The choice is therefore not “pick one forever.” It is “pick the right backbone first.”

4. Worked Example by Hand

Imagine four different questions about a mountain watershed.

Question A: Which slopes are steeper than 30°?

This is a GIS / terrain operation problem. We already know the rule and need to apply it across a raster.

Question B: How much does temperature fall with elevation?

This is an analytical model problem. A lapse-rate equation is compact, interpretable, and easy to check.

Question C: Can we predict SWE from topography and remote sensing?

This is a statistical model problem. The mapping from features to SWE is too variable to specify with one small equation.

Question D: How might avalanche risk evolve during a storm cycle?

This is a simulation problem. The answer depends on time, accumulation, wind loading, and sequence of events.

The key lesson is that “mountain watershed modelling” is not one type of model. Different sub-questions legitimately want different families.

5. What Could Go Wrong?

Forcing a favorite method onto every problem

If every question becomes a machine-learning problem or every question becomes a GIS problem, the method is leading the question instead of serving it.

Mistaking data abundance for model appropriateness

Lots of observations do not automatically mean a statistical model is best.
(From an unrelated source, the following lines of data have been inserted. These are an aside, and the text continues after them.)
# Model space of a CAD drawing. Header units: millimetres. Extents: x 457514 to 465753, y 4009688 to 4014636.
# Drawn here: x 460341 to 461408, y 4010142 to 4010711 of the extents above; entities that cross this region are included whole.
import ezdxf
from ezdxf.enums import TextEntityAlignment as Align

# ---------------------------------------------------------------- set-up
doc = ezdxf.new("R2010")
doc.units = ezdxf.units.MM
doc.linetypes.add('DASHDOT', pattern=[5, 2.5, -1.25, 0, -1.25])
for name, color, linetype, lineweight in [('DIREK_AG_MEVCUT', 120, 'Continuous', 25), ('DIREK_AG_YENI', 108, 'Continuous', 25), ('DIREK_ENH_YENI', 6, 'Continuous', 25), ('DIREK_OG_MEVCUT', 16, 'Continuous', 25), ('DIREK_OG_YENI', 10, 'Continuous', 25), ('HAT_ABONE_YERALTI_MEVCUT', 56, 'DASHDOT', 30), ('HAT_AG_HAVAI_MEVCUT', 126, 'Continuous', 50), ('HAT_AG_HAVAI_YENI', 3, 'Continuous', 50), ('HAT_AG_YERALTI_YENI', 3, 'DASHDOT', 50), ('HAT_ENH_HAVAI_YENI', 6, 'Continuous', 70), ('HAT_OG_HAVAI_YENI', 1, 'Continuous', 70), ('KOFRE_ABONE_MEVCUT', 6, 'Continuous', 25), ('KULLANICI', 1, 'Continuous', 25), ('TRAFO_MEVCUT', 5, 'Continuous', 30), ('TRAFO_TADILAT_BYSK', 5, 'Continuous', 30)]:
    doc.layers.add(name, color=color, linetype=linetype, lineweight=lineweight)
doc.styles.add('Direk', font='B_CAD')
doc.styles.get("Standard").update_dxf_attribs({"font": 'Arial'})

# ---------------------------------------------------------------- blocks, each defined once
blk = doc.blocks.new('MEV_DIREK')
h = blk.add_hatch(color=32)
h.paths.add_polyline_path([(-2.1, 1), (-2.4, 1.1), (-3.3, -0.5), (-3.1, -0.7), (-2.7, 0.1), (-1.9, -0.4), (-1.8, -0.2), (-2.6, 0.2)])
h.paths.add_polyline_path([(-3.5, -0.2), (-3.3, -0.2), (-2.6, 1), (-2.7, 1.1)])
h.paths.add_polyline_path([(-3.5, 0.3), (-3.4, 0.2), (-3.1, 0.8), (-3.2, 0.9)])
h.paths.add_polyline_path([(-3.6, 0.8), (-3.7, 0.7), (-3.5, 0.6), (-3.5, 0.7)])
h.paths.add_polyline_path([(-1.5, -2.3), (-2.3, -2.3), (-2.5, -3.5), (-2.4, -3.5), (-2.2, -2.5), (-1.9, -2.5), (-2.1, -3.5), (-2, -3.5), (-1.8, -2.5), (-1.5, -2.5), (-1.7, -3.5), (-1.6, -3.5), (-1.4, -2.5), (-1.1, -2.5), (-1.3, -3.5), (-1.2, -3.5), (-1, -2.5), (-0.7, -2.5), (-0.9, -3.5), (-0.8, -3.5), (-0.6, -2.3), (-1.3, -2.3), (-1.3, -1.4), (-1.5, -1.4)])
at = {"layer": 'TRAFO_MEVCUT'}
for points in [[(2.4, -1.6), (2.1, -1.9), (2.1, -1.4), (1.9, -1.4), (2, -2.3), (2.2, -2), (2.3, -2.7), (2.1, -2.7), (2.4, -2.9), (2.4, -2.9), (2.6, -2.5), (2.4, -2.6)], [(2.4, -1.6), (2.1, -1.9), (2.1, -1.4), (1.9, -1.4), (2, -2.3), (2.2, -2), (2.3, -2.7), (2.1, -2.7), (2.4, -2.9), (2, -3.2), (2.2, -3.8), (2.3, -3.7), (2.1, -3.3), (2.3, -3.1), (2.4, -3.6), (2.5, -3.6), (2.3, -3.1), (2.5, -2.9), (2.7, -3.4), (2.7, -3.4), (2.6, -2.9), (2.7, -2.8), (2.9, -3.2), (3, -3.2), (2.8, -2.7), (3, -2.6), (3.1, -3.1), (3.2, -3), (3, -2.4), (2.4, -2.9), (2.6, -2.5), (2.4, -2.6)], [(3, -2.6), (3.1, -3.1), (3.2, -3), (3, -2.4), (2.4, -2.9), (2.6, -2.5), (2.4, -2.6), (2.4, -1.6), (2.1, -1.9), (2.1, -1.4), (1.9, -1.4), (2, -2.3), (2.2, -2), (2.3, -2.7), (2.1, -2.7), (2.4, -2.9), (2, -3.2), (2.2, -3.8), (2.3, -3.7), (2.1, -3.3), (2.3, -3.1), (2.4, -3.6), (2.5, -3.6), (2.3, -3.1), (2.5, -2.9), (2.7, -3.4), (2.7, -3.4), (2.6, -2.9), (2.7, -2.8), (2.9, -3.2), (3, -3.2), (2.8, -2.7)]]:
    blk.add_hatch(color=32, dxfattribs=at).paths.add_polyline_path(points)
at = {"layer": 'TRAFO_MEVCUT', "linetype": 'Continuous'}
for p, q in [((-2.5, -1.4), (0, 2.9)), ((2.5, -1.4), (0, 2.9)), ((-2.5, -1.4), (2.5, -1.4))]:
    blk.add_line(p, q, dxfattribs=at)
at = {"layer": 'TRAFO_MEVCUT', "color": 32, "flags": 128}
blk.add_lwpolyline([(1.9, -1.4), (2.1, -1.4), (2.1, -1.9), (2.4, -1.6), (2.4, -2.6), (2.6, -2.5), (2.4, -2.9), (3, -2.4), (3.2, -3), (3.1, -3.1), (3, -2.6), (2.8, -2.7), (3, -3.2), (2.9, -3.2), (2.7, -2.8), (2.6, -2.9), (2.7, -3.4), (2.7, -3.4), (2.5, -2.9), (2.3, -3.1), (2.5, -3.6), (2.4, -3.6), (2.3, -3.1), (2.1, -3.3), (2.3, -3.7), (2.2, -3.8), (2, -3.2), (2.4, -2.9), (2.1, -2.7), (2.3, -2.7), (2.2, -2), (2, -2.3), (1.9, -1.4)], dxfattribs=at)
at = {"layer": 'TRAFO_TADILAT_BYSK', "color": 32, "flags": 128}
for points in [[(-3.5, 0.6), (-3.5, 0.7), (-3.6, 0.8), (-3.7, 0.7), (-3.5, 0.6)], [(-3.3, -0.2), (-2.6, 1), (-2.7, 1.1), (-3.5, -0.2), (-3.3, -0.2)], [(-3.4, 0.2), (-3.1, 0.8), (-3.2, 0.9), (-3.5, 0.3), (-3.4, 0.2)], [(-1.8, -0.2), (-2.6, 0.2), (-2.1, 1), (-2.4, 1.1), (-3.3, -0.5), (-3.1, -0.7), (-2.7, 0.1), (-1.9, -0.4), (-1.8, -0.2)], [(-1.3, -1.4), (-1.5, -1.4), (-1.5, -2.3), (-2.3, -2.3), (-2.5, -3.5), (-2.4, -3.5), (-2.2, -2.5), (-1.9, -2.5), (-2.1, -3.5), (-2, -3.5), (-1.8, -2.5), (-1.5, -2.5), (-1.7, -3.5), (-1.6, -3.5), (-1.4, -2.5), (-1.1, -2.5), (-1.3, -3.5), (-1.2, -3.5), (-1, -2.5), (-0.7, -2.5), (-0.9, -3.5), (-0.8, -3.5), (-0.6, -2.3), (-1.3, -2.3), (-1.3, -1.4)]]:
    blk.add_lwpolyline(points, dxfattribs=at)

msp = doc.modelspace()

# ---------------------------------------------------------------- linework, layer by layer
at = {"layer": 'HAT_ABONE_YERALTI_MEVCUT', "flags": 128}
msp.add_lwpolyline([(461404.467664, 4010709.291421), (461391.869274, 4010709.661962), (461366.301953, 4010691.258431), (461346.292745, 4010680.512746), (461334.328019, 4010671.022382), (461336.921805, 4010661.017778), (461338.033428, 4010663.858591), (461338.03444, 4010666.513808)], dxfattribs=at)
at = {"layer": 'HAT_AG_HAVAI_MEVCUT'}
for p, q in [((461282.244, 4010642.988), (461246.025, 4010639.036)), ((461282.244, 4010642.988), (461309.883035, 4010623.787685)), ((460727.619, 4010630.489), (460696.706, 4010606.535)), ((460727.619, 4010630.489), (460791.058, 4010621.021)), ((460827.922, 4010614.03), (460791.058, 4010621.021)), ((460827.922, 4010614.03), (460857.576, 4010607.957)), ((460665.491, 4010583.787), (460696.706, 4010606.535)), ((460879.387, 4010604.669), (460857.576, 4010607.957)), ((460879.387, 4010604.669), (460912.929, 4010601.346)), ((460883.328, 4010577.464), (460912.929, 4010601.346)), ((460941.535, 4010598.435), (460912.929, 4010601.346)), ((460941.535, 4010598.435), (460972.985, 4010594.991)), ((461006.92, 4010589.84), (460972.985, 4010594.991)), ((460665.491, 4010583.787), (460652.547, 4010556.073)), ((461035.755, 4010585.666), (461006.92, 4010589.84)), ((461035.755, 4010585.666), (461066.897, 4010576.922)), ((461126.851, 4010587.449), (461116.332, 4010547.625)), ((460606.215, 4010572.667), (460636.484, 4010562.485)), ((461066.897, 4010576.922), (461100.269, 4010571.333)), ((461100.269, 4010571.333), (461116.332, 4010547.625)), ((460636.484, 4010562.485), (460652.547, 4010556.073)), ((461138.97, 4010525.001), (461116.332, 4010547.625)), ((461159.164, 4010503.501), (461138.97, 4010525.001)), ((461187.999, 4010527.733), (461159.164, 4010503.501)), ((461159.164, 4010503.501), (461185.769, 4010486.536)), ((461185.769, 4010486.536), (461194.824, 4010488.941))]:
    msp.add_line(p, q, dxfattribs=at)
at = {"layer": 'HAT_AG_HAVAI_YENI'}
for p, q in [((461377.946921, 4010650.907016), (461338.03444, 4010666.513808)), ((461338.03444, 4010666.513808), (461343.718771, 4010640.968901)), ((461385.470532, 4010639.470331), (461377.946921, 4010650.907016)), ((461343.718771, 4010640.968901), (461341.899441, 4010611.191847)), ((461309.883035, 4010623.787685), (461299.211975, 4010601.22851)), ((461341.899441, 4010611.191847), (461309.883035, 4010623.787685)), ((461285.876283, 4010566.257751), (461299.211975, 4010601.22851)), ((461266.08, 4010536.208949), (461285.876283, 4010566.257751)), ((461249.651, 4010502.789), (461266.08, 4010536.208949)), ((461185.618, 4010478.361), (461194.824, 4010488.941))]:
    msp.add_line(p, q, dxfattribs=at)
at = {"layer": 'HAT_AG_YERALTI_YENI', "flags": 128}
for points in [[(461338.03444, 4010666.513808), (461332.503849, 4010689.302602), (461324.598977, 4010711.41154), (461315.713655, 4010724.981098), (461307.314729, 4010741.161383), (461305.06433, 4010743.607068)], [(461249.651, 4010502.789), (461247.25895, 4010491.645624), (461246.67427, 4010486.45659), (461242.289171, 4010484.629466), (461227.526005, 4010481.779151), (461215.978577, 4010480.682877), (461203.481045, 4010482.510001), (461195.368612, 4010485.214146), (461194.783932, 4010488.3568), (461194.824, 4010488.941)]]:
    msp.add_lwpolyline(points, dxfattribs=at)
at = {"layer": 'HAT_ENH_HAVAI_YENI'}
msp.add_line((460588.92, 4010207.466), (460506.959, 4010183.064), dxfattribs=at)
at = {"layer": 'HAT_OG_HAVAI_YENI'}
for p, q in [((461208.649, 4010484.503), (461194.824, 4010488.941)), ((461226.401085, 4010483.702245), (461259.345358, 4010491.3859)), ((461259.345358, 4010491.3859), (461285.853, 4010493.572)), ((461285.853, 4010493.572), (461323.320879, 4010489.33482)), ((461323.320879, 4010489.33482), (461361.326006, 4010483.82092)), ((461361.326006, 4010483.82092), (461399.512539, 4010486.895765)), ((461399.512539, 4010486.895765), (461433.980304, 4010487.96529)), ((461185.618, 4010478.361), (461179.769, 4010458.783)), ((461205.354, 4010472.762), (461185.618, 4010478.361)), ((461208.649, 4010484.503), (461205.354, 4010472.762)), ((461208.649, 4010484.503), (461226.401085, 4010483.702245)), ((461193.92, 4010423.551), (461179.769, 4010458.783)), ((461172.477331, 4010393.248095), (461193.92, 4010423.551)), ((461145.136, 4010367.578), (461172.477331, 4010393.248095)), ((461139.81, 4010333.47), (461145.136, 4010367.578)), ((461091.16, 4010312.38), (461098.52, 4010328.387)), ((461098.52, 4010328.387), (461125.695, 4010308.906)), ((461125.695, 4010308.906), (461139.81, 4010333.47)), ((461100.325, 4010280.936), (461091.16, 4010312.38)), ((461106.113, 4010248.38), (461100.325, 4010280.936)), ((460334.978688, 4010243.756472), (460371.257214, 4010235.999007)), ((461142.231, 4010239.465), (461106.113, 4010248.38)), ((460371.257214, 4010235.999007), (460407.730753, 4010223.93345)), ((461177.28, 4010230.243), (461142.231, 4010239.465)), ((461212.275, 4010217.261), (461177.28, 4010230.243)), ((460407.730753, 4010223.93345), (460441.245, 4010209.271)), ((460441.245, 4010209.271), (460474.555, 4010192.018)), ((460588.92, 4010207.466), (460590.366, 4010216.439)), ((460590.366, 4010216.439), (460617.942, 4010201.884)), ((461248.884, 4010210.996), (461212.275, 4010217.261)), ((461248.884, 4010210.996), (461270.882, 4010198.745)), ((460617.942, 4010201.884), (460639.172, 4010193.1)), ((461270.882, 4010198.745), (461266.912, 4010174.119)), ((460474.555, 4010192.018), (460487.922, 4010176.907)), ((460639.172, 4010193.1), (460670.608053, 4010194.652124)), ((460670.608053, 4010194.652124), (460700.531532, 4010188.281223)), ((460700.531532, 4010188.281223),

Sometimes the physics is simple enough that an analytical model is better.

Using simulation when a simpler model would answer the question

If the real need is a threshold, ranking, or first-order estimate, a large simulation may add complexity without clarity.

Using a simple model where path dependence is the whole story

Some systems cannot be compressed safely into a static equation because the order of events matters.

Summary

Analytical models are strongest when the mechanism is known and interpretable.
GIS workflows are strongest when the task is a spatial transformation or relation.
Statistical models are strongest when the relationship must be learned from data.
Simulation is strongest when dynamics, feedbacks, and interaction matter.
Good modelling often combines families, but good projects still begin by choosing the right backbone.